安宥真独自愣在原地,望着紧闭的门和空荡荡的走廊,盯着地板上自己的影子,眉头拧成一团,小声嘀咕:“我到底是什么狗啊……”
……
音乐中心,IVE专属待机室里一片热闹。
化妆师正收拾着化妆刷,造型师整理着挂满打歌服的衣架,经纪人靠在门口核对行程表。
Liz窝在沙发里玩手机,直井怜坐在一旁安静吃着零食,李瑞对着镜子反复拆编头发,动作里满是闲不住的可爱。

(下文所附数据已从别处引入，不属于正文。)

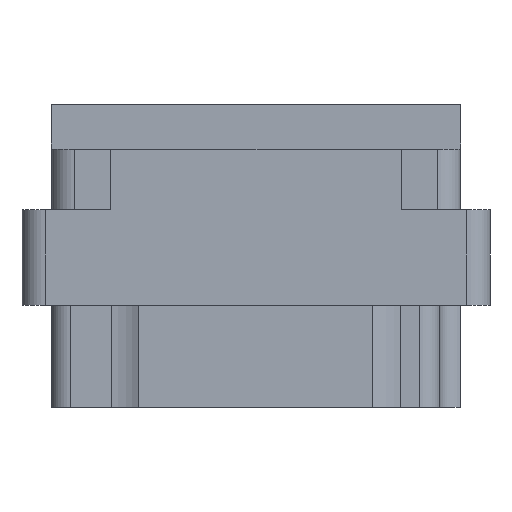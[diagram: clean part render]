
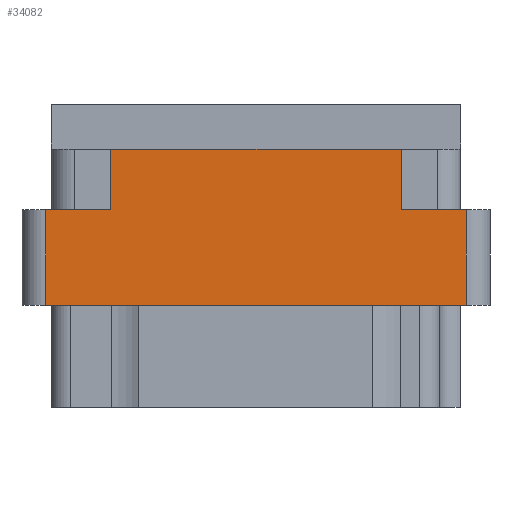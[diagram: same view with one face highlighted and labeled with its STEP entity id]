
A CAD part, left-side view. The second image highlights one B-rep face of the part: STEP entity #34082.
In plain terms, the highlighted planar face has unit normal (-1, 0, 0).
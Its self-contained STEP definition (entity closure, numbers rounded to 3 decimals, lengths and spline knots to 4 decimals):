
#12 = CARTESIAN_POINT ( 'NONE',  ( -1.359, 0.617, -0.117 ) ) ;
#473 = VECTOR ( 'NONE', #33977, 39.3701 ) ;
#823 = VERTEX_POINT ( 'NONE', #48554 ) ;
#3476 = EDGE_CURVE ( 'NONE', #823, #56466, #4564, .T. ) ;
#3737 = CARTESIAN_POINT ( 'NONE',  ( -1.359, -0.3825, -0.277 ) ) ;
#4472 = CARTESIAN_POINT ( 'NONE',  ( -1.359, -0.3825, -0.117 ) ) ;
#4564 = LINE ( 'NONE', #55939, #473 ) ;
#5445 = VERTEX_POINT ( 'NONE', #45463 ) ;
#5642 = VERTEX_POINT ( 'NONE', #42252 ) ;
#6634 = DIRECTION ( 'NONE',  ( 0., 0., 1. ) ) ;
#6751 = LINE ( 'NONE', #41311, #39908 ) ;
#8000 = LINE ( 'NONE', #8088, #42814 ) ;
#8088 = CARTESIAN_POINT ( 'NONE',  ( -1.359, 0.555, -0.798 ) ) ;
#11382 = VERTEX_POINT ( 'NONE', #18993 ) ;
#11663 = LINE ( 'NONE', #57375, #38190 ) ;
#14335 = LINE ( 'NONE', #16645, #18534 ) ;
#14770 = ORIENTED_EDGE ( 'NONE', *, *, #55445, .F. ) ;
#15271 = DIRECTION ( 'NONE',  ( 0., -1., 0. ) ) ;
#15533 = EDGE_CURVE ( 'NONE', #11382, #64321, #14335, .T. ) ;
#16645 = CARTESIAN_POINT ( 'NONE',  ( -1.359, 0., -0.529 ) ) ;
#18534 = VECTOR ( 'NONE', #21676, 39.3701 ) ;
#18692 = VERTEX_POINT ( 'NONE', #60002 ) ;
#18993 = CARTESIAN_POINT ( 'NONE',  ( -1.359, -0.555, -0.529 ) ) ;
#19235 = ORIENTED_EDGE ( 'NONE', *, *, #15533, .F. ) ;
#19709 = LINE ( 'NONE', #12, #23008 ) ;
#20293 = FACE_OUTER_BOUND ( 'NONE', #48943, .T. ) ;
#20583 = DIRECTION ( 'NONE',  ( 0., 0., 1. ) ) ;
#21238 = CARTESIAN_POINT ( 'NONE',  ( -1.359, 0.3825, -0.277 ) ) ;
#21350 = ORIENTED_EDGE ( 'NONE', *, *, #66584, .T. ) ;
#21676 = DIRECTION ( 'NONE',  ( 0., 1., 0. ) ) ;
#22832 = PLANE ( 'NONE',  #50138 ) ;
#23008 = VECTOR ( 'NONE', #15271, 39.3701 ) ;
#24571 = DIRECTION ( 'NONE',  ( 0., 0., 1. ) ) ;
#28092 = VECTOR ( 'NONE', #39802, 39.3701 ) ;
#28145 = EDGE_CURVE ( 'NONE', #11382, #5445, #11663, .T. ) ;
#29629 = CARTESIAN_POINT ( 'NONE',  ( -1.359, 0.3825, -0.277 ) ) ;
#30195 = ORIENTED_EDGE ( 'NONE', *, *, #28145, .T. ) ;
#33558 = EDGE_CURVE ( 'NONE', #18692, #34763, #34463, .T. ) ;
#33977 = DIRECTION ( 'NONE',  ( 0., -1., 0. ) ) ;
#34082 = ADVANCED_FACE ( 'NONE', ( #20293 ), #22832, .T. ) ;
#34463 = LINE ( 'NONE', #3737, #60959 ) ;
#34763 = VERTEX_POINT ( 'NONE', #4472 ) ;
#38190 = VECTOR ( 'NONE', #20583, 39.3701 ) ;
#39802 = DIRECTION ( 'NONE',  ( 0., 0., 1. ) ) ;
#39908 = VECTOR ( 'NONE', #61441, 39.3701 ) ;
#41311 = CARTESIAN_POINT ( 'NONE',  ( -1.359, 0., -0.277 ) ) ;
#42252 = CARTESIAN_POINT ( 'NONE',  ( -1.359, 0.3825, -0.117 ) ) ;
#42814 = VECTOR ( 'NONE', #45092, 39.3701 ) ;
#45092 = DIRECTION ( 'NONE',  ( 0., 0., -1. ) ) ;
#45463 = CARTESIAN_POINT ( 'NONE',  ( -1.359, -0.555, -0.277 ) ) ;
#47794 = CARTESIAN_POINT ( 'NONE',  ( -1.359, 0.555, -0.529 ) ) ;
#48554 = CARTESIAN_POINT ( 'NONE',  ( -1.359, 0.555, -0.277 ) ) ;
#48716 = EDGE_CURVE ( 'NONE', #56466, #5642, #64538, .T. ) ;
#48943 = EDGE_LOOP ( 'NONE', ( #52334, #21350, #19235, #30195, #14770, #51629, #66566, #64814 ) ) ;
#50138 = AXIS2_PLACEMENT_3D ( 'NONE', #64931, #65377, #6634 ) ;
#51629 = ORIENTED_EDGE ( 'NONE', *, *, #33558, .T. ) ;
#52264 = EDGE_CURVE ( 'NONE', #5642, #34763, #19709, .T. ) ;
#52334 = ORIENTED_EDGE ( 'NONE', *, *, #3476, .F. ) ;
#55445 = EDGE_CURVE ( 'NONE', #18692, #5445, #6751, .T. ) ;
#55939 = CARTESIAN_POINT ( 'NONE',  ( -1.359, 0., -0.277 ) ) ;
#56466 = VERTEX_POINT ( 'NONE', #21238 ) ;
#57375 = CARTESIAN_POINT ( 'NONE',  ( -1.359, -0.555, -0.798 ) ) ;
#60002 = CARTESIAN_POINT ( 'NONE',  ( -1.359, -0.3825, -0.277 ) ) ;
#60959 = VECTOR ( 'NONE', #24571, 39.3701 ) ;
#61441 = DIRECTION ( 'NONE',  ( 0., -1., 0. ) ) ;
#64321 = VERTEX_POINT ( 'NONE', #47794 ) ;
#64538 = LINE ( 'NONE', #29629, #28092 ) ;
#64814 = ORIENTED_EDGE ( 'NONE', *, *, #48716, .F. ) ;
#64931 = CARTESIAN_POINT ( 'NONE',  ( -1.359, -0.617, -0.798 ) ) ;
#65377 = DIRECTION ( 'NONE',  ( -1., 0., 0. ) ) ;
#66566 = ORIENTED_EDGE ( 'NONE', *, *, #52264, .F. ) ;
#66584 = EDGE_CURVE ( 'NONE', #823, #64321, #8000, .T. ) ;
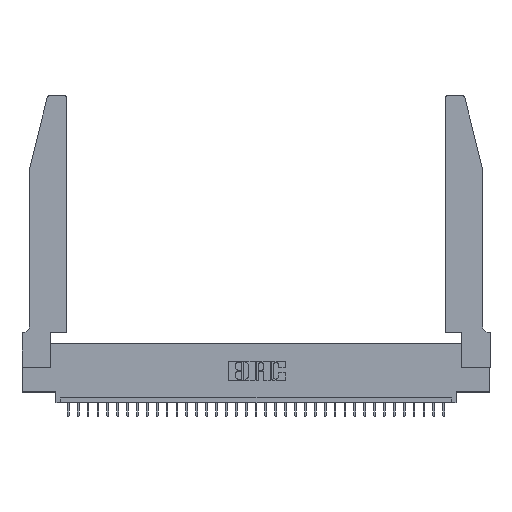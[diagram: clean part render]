
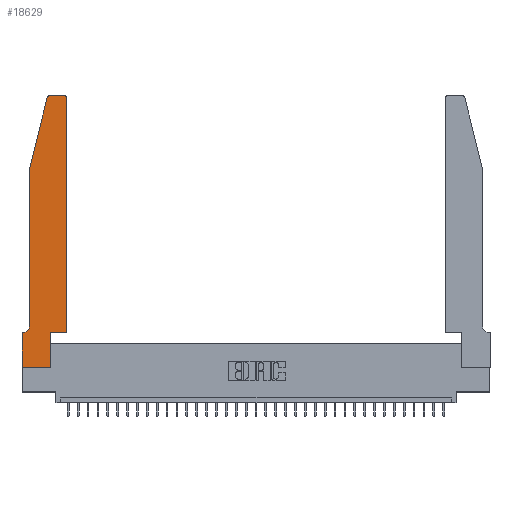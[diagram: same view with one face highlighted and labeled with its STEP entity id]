
A CAD part, top view. The second image highlights one B-rep face of the part: STEP entity #18629.
In plain terms, the highlighted planar face has unit normal (0, 0, 1).
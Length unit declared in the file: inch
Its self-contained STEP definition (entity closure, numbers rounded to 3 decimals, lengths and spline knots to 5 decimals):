
#839 = VERTEX_POINT ( 'NONE', #9632 ) ;
#1385 = CARTESIAN_POINT ( 'NONE',  ( 0.4505, 0.35, 0.37 ) ) ;
#1970 = DIRECTION ( 'NONE',  ( -1., 0., 0. ) ) ;
#2081 = PLANE ( 'NONE',  #32306 ) ;
#2467 = EDGE_CURVE ( 'NONE', #17954, #29422, #27906, .T. ) ;
#3295 = CARTESIAN_POINT ( 'NONE',  ( 0.4205, 2.75, 0.37 ) ) ;
#3334 = ORIENTED_EDGE ( 'NONE', *, *, #21417, .T. ) ;
#4535 = VECTOR ( 'NONE', #9752, 39.37008 ) ;
#4783 = CARTESIAN_POINT ( 'NONE',  ( 0.0755, 0.35, 0.37 ) ) ;
#4950 = CIRCLE ( 'NONE', #33546, 0.07 ) ;
#5416 = EDGE_CURVE ( 'NONE', #19760, #29506, #20818, .T. ) ;
#5671 = CARTESIAN_POINT ( 'NONE',  ( 0.0055, 0.42, 0.37 ) ) ;
#5909 = DIRECTION ( 'NONE',  ( 1., 0., 0. ) ) ;
#6413 = ORIENTED_EDGE ( 'NONE', *, *, #16398, .T. ) ;
#6813 = LINE ( 'NONE', #9612, #26204 ) ;
#6881 = VECTOR ( 'NONE', #12785, 39.37008 ) ;
#7591 = VERTEX_POINT ( 'NONE', #1385 ) ;
#8731 = LINE ( 'NONE', #33310, #11607 ) ;
#9261 = DIRECTION ( 'NONE',  ( 1., 0., 0. ) ) ;
#9612 = CARTESIAN_POINT ( 'NONE',  ( 0., 0., 0.37 ) ) ;
#9632 = CARTESIAN_POINT ( 'NONE',  ( 0., 0., 0.37 ) ) ;
#9670 = DIRECTION ( 'NONE',  ( 1., 0., 0. ) ) ;
#9752 = DIRECTION ( 'NONE',  ( 0., 1., 0. ) ) ;
#10208 = ORIENTED_EDGE ( 'NONE', *, *, #26535, .T. ) ;
#10659 = DIRECTION ( 'NONE',  ( 0., 0., 1. ) ) ;
#10953 = DIRECTION ( 'NONE',  ( 0., 0., -1. ) ) ;
#11224 = CARTESIAN_POINT ( 'NONE',  ( 0.2865, 0.35, 0.37 ) ) ;
#11228 = EDGE_CURVE ( 'NONE', #17050, #24261, #18291, .T. ) ;
#11487 = CARTESIAN_POINT ( 'NONE',  ( 0.4205, 2.72, 0.37 ) ) ;
#11607 = VECTOR ( 'NONE', #30192, 39.37008 ) ;
#11843 = ORIENTED_EDGE ( 'NONE', *, *, #2467, .T. ) ;
#11847 = AXIS2_PLACEMENT_3D ( 'NONE', #29999, #10659, #5909 ) ;
#11964 = EDGE_CURVE ( 'NONE', #7591, #30936, #23121, .T. ) ;
#12273 = CARTESIAN_POINT ( 'NONE',  ( 0.0755, 2., 0.37 ) ) ;
#12611 = VECTOR ( 'NONE', #31480, 39.37008 ) ;
#12785 = DIRECTION ( 'NONE',  ( 0., -1., 0. ) ) ;
#12973 = ORIENTED_EDGE ( 'NONE', *, *, #29750, .T. ) ;
#13149 = CARTESIAN_POINT ( 'NONE',  ( 0.0055, 0.35, 0.37 ) ) ;
#14694 = AXIS2_PLACEMENT_3D ( 'NONE', #11487, #30642, #17281 ) ;
#15174 = LINE ( 'NONE', #4783, #24912 ) ;
#15776 = LINE ( 'NONE', #20503, #6881 ) ;
#16398 = EDGE_CURVE ( 'NONE', #20734, #19453, #15174, .T. ) ;
#16566 = ORIENTED_EDGE ( 'NONE', *, *, #22860, .T. ) ;
#16806 = CARTESIAN_POINT ( 'NONE',  ( 0.4505, 2.72, 0.37 ) ) ;
#16841 = CARTESIAN_POINT ( 'NONE',  ( 0.0755, 2., 0.37 ) ) ;
#17050 = VERTEX_POINT ( 'NONE', #3295 ) ;
#17281 = DIRECTION ( 'NONE',  ( 1., 0., 0. ) ) ;
#17954 = VERTEX_POINT ( 'NONE', #30254 ) ;
#18247 = VECTOR ( 'NONE', #21177, 39.37008 ) ;
#18291 = LINE ( 'NONE', #31645, #12611 ) ;
#18629 = ADVANCED_FACE ( 'NONE', ( #26162 ), #2081, .T. ) ;
#19453 = VERTEX_POINT ( 'NONE', #34606 ) ;
#19760 = VERTEX_POINT ( 'NONE', #20175 ) ;
#19776 = EDGE_CURVE ( 'NONE', #19453, #839, #6813, .T. ) ;
#20175 = CARTESIAN_POINT ( 'NONE',  ( 0.2865, 0., 0.37 ) ) ;
#20298 = CIRCLE ( 'NONE', #14694, 0.03 ) ;
#20471 = EDGE_LOOP ( 'NONE', ( #34484, #10208, #11843, #12973, #16566, #6413, #27363, #3334, #29607, #28931, #21922, #22043 ) ) ;
#20503 = CARTESIAN_POINT ( 'NONE',  ( 0.0755, 2., 0.37 ) ) ;
#20734 = VERTEX_POINT ( 'NONE', #13149 ) ;
#20818 = LINE ( 'NONE', #23632, #18247 ) ;
#21177 = DIRECTION ( 'NONE',  ( 0., 1., 0. ) ) ;
#21417 = EDGE_CURVE ( 'NONE', #839, #19760, #33923, .T. ) ;
#21922 = ORIENTED_EDGE ( 'NONE', *, *, #11964, .T. ) ;
#22043 = ORIENTED_EDGE ( 'NONE', *, *, #27053, .T. ) ;
#22623 = CARTESIAN_POINT ( 'NONE',  ( 0., 0.35, 0.37 ) ) ;
#22860 = EDGE_CURVE ( 'NONE', #25850, #20734, #4950, .T. ) ;
#23121 = LINE ( 'NONE', #25597, #4535 ) ;
#23632 = CARTESIAN_POINT ( 'NONE',  ( 0.2865, 0.35, 0.37 ) ) ;
#24261 = VERTEX_POINT ( 'NONE', #25043 ) ;
#24912 = VECTOR ( 'NONE', #1970, 39.37008 ) ;
#25043 = CARTESIAN_POINT ( 'NONE',  ( 0.284, 2.75, 0.37 ) ) ;
#25597 = CARTESIAN_POINT ( 'NONE',  ( 0.4505, 0.35, 0.37 ) ) ;
#25803 = DIRECTION ( 'NONE',  ( -0.239, -0.971, 0. ) ) ;
#25850 = VERTEX_POINT ( 'NONE', #27989 ) ;
#25991 = DIRECTION ( 'NONE',  ( 0., -1., 0. ) ) ;
#26162 = FACE_OUTER_BOUND ( 'NONE', #20471, .T. ) ;
#26204 = VECTOR ( 'NONE', #25991, 39.37008 ) ;
#26222 = CARTESIAN_POINT ( 'NONE',  ( 0., 0., 0.37 ) ) ;
#26535 = EDGE_CURVE ( 'NONE', #24261, #17954, #29263, .T. ) ;
#27053 = EDGE_CURVE ( 'NONE', #30936, #17050, #20298, .T. ) ;
#27363 = ORIENTED_EDGE ( 'NONE', *, *, #19776, .T. ) ;
#27906 = LINE ( 'NONE', #12273, #29907 ) ;
#27989 = CARTESIAN_POINT ( 'NONE',  ( 0.0755, 0.42, 0.37 ) ) ;
#28931 = ORIENTED_EDGE ( 'NONE', *, *, #34598, .T. ) ;
#29263 = CIRCLE ( 'NONE', #11847, 0.03 ) ;
#29422 = VERTEX_POINT ( 'NONE', #16841 ) ;
#29506 = VERTEX_POINT ( 'NONE', #11224 ) ;
#29607 = ORIENTED_EDGE ( 'NONE', *, *, #5416, .T. ) ;
#29750 = EDGE_CURVE ( 'NONE', #29422, #25850, #15776, .T. ) ;
#29907 = VECTOR ( 'NONE', #25803, 39.37008 ) ;
#29999 = CARTESIAN_POINT ( 'NONE',  ( 0.284, 2.72, 0.37 ) ) ;
#30192 = DIRECTION ( 'NONE',  ( 1., 0., 0. ) ) ;
#30254 = CARTESIAN_POINT ( 'NONE',  ( 0.25487, 2.72718, 0.37 ) ) ;
#30642 = DIRECTION ( 'NONE',  ( 0., 0., 1. ) ) ;
#30936 = VERTEX_POINT ( 'NONE', #16806 ) ;
#31480 = DIRECTION ( 'NONE',  ( -1., 0., 0. ) ) ;
#31645 = CARTESIAN_POINT ( 'NONE',  ( 0.2605, 2.75, 0.37 ) ) ;
#32207 = DIRECTION ( 'NONE',  ( -1., 0., 0. ) ) ;
#32306 = AXIS2_PLACEMENT_3D ( 'NONE', #22623, #33333, #9261 ) ;
#32353 = VECTOR ( 'NONE', #9670, 39.37008 ) ;
#33310 = CARTESIAN_POINT ( 'NONE',  ( 0.4505, 0.35, 0.37 ) ) ;
#33333 = DIRECTION ( 'NONE',  ( 0., 0., 1. ) ) ;
#33546 = AXIS2_PLACEMENT_3D ( 'NONE', #5671, #10953, #32207 ) ;
#33923 = LINE ( 'NONE', #26222, #32353 ) ;
#34484 = ORIENTED_EDGE ( 'NONE', *, *, #11228, .T. ) ;
#34598 = EDGE_CURVE ( 'NONE', #29506, #7591, #8731, .T. ) ;
#34606 = CARTESIAN_POINT ( 'NONE',  ( 0., 0.35, 0.37 ) ) ;

张员瑛刚完成妆造,正对着镜子检查眼线,身后的化妆师手持粉扑,随时准备为她补妆。
安宥真攥着手机迫不及待地凑过来,挤开身侧的造型师,一屁股坐在张员瑛身旁的椅扶手上,飞快把手机举到她面前。
屏幕上是一只憨态可掬的白色拉布拉多,吐着舌头模样温顺。
“是这样的吗?”
张员瑛扫了一眼,轻轻摇头:“没这么大只。”
安宥真不肯放弃,指尖一划切换照片,这回是浑身蓬松雪白的萨摩耶,眉眼弯弯自带笑意。
她又把手机往前递了递,满眼期待。
“那这个呢?”
张员瑛依旧摇头,语气笃定:“毛没有这么长。”
安宥真抿了抿唇,再次滑动屏幕,画面换成了圆滚滚、像团棉花糖的卷毛比熊。
她眼巴巴望着张员瑛,眼神里写满“这次总该对了”的期盼。
“那这个总没错吧?”
张员瑛无奈地靠回椅背上,看着她一脸急切的模样,忍不住叹了口气。
“欧尼,古时候哪有这些国外品种的犬类啊。”
安宥真脸上的光瞬间暗了下去,肩膀垮成一团,手里还捏着亮着比熊照片的手机,垂着头小声嘀咕了一句。
“难道我是土狗吗?”
不远处的金秋天刚端起咖啡送到嘴边,听见这句话手猛地一抖,杯口的咖啡溅了出来,她顾不上擦拭,直接一口喷了出来,褐色的液体洒在地板上。
“哈哈哈哈”
她扶着化妆台咳个不停,笑得直不起腰,整个人都抖作一团。